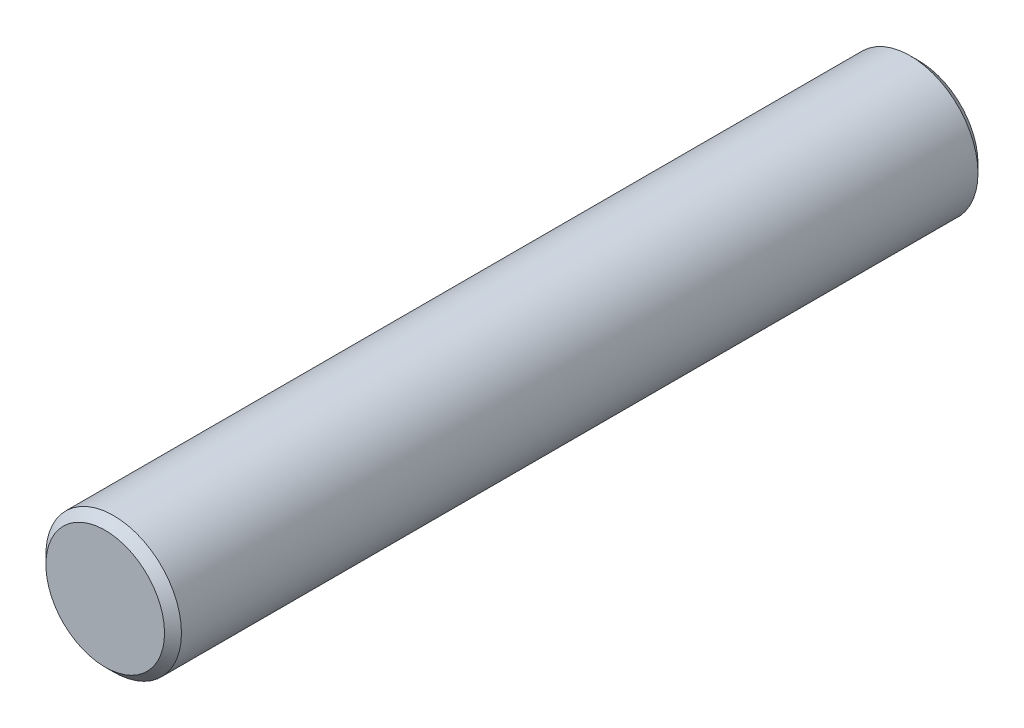
ISO-10303-21;
HEADER;
FILE_DESCRIPTION(('STEP AP214'),'2;1');
FILE_NAME('part.step','',(''),(''),'','','');
FILE_SCHEMA(('AUTOMOTIVE_DESIGN { 1 0 10303 214 1 1 1 1 }'));
ENDSEC;
DATA;
#1=APPLICATION_CONTEXT('core data for automotive mechanical design processes');
#2=APPLICATION_PROTOCOL_DEFINITION('international standard','automotive_design',2000,#1);
#3=PRODUCT_CONTEXT('',#1,'mechanical');
#4=PRODUCT('Part','Part','',(#3));
#5=PRODUCT_RELATED_PRODUCT_CATEGORY('part','',(#4));
#6=PRODUCT_DEFINITION_FORMATION('','',#4);
#7=PRODUCT_DEFINITION_CONTEXT('part definition',#1,'design');
#8=PRODUCT_DEFINITION('design','',#6,#7);
#9=PRODUCT_DEFINITION_SHAPE('','',#8);
#10=(LENGTH_UNIT() NAMED_UNIT(*) SI_UNIT(.MILLI.,.METRE.));
#11=(NAMED_UNIT(*) PLANE_ANGLE_UNIT() SI_UNIT($,.RADIAN.));
#12=(NAMED_UNIT(*) SI_UNIT($,.STERADIAN.) SOLID_ANGLE_UNIT());
#13=UNCERTAINTY_MEASURE_WITH_UNIT(LENGTH_MEASURE(1.E-05),#10,'distance_accuracy_value','');
#14=(GEOMETRIC_REPRESENTATION_CONTEXT(3) GLOBAL_UNCERTAINTY_ASSIGNED_CONTEXT((#13)) GLOBAL_UNIT_ASSIGNED_CONTEXT((#10,
#11,#12)) REPRESENTATION_CONTEXT('',''));
#15=CARTESIAN_POINT('',(0.,0.,0.));
#16=DIRECTION('',(0.,0.,1.));
#17=DIRECTION('',(1.,0.,0.));
#18=AXIS2_PLACEMENT_3D('',#15,#16,#17);
#19=CARTESIAN_POINT('',(0.,0.,48.));
#20=DIRECTION('',(0.,0.,-1.));
#21=DIRECTION('',(-1.,0.,0.));
#22=AXIS2_PLACEMENT_3D('',#19,#20,#21);
#23=CYLINDRICAL_SURFACE('',#22,8.);
#24=CARTESIAN_POINT('',(0.,0.,-47.));
#25=DIRECTION('',(0.,0.,1.));
#26=DIRECTION('',(1.,0.,0.));
#27=AXIS2_PLACEMENT_3D('',#24,#25,#26);
#28=CIRCLE('',#27,8.);
#29=CARTESIAN_POINT('',(8.,0.,-47.));
#30=VERTEX_POINT('',#29);
#31=EDGE_CURVE('E50',#30,#30,#28,.T.);
#32=ORIENTED_EDGE('',*,*,#31,.T.);
#33=EDGE_LOOP('',(#32));
#34=FACE_BOUND('',#33,.T.);
#35=CARTESIAN_POINT('',(0.,0.,47.));
#36=DIRECTION('',(0.,0.,1.));
#37=DIRECTION('',(1.,0.,0.));
#38=AXIS2_PLACEMENT_3D('',#35,#36,#37);
#39=CIRCLE('',#38,8.);
#40=CARTESIAN_POINT('',(8.,0.,47.));
#41=VERTEX_POINT('',#40);
#42=EDGE_CURVE('E55',#41,#41,#39,.F.);
#43=ORIENTED_EDGE('',*,*,#42,.T.);
#44=EDGE_LOOP('',(#43));
#45=FACE_BOUND('',#44,.T.);
#46=ADVANCED_FACE('F37',(#34,#45),#23,.T.);
#47=CARTESIAN_POINT('',(0.,0.,48.));
#48=DIRECTION('',(0.,0.,1.));
#49=DIRECTION('',(1.,0.,0.));
#50=AXIS2_PLACEMENT_3D('',#47,#48,#49);
#51=PLANE('',#50);
#52=CARTESIAN_POINT('',(0.,0.,48.));
#53=DIRECTION('',(0.,0.,1.));
#54=DIRECTION('',(1.,0.,0.));
#55=AXIS2_PLACEMENT_3D('',#52,#53,#54);
#56=CIRCLE('',#55,6.99999999999999);
#57=CARTESIAN_POINT('',(6.99999999999999,0.,48.));
#58=VERTEX_POINT('',#57);
#59=EDGE_CURVE('E10',#58,#58,#56,.T.);
#60=ORIENTED_EDGE('',*,*,#59,.T.);
#61=EDGE_LOOP('',(#60));
#62=FACE_BOUND('',#61,.T.);
#63=ADVANCED_FACE('F72',(#62),#51,.T.);
#64=CARTESIAN_POINT('',(0.,0.,-48.));
#65=DIRECTION('',(0.,0.,1.));
#66=DIRECTION('',(1.,0.,0.));
#67=AXIS2_PLACEMENT_3D('',#64,#65,#66);
#68=PLANE('',#67);
#69=CARTESIAN_POINT('',(0.,0.,-48.));
#70=DIRECTION('',(0.,0.,1.));
#71=DIRECTION('',(1.,0.,0.));
#72=AXIS2_PLACEMENT_3D('',#69,#70,#71);
#73=CIRCLE('',#72,7.00000000000001);
#74=CARTESIAN_POINT('',(7.00000000000001,0.,-48.));
#75=VERTEX_POINT('',#74);
#76=EDGE_CURVE('E45',#75,#75,#73,.F.);
#77=ORIENTED_EDGE('',*,*,#76,.T.);
#78=EDGE_LOOP('',(#77));
#79=FACE_BOUND('',#78,.T.);
#80=ADVANCED_FACE('F69',(#79),#68,.F.);
#81=CARTESIAN_POINT('',(0.,0.,-47.));
#82=DIRECTION('',(0.,0.,1.));
#83=DIRECTION('',(1.,0.,0.));
#84=AXIS2_PLACEMENT_3D('',#81,#82,#83);
#85=CONICAL_SURFACE('',#84,8.,0.785398163397459);
#86=ORIENTED_EDGE('',*,*,#76,.F.);
#87=EDGE_LOOP('',(#86));
#88=FACE_BOUND('',#87,.T.);
#89=ORIENTED_EDGE('',*,*,#31,.F.);
#90=EDGE_LOOP('',(#89));
#91=FACE_BOUND('',#90,.T.);
#92=ADVANCED_FACE('F65',(#88,#91),#85,.T.);
#93=CARTESIAN_POINT('',(0.,0.,48.));
#94=DIRECTION('',(0.,0.,-1.));
#95=DIRECTION('',(-1.,0.,0.));
#96=AXIS2_PLACEMENT_3D('',#93,#94,#95);
#97=CONICAL_SURFACE('',#96,6.99999999999999,0.785398163397441);
#98=ORIENTED_EDGE('',*,*,#42,.F.);
#99=EDGE_LOOP('',(#98));
#100=FACE_BOUND('',#99,.T.);
#101=ORIENTED_EDGE('',*,*,#59,.F.);
#102=EDGE_LOOP('',(#101));
#103=FACE_BOUND('',#102,.T.);
#104=ADVANCED_FACE('F39',(#100,#103),#97,.T.);
#105=CLOSED_SHELL('',(#46,#63,#80,#92,#104));
#106=MANIFOLD_SOLID_BREP('B2',#105);
#107=ADVANCED_BREP_SHAPE_REPRESENTATION('',(#18,#106),#14);
#108=SHAPE_DEFINITION_REPRESENTATION(#9,#107);
ENDSEC;
END-ISO-10303-21;
++++++++++++++++++++
Task directions
Please show, exactly as written, every line above that contains the word "mechanical".

Result
#1=APPLICATION_CONTEXT('core data for automotive mechanical design processes');
#3=PRODUCT_CONTEXT('',#1,'mechanical');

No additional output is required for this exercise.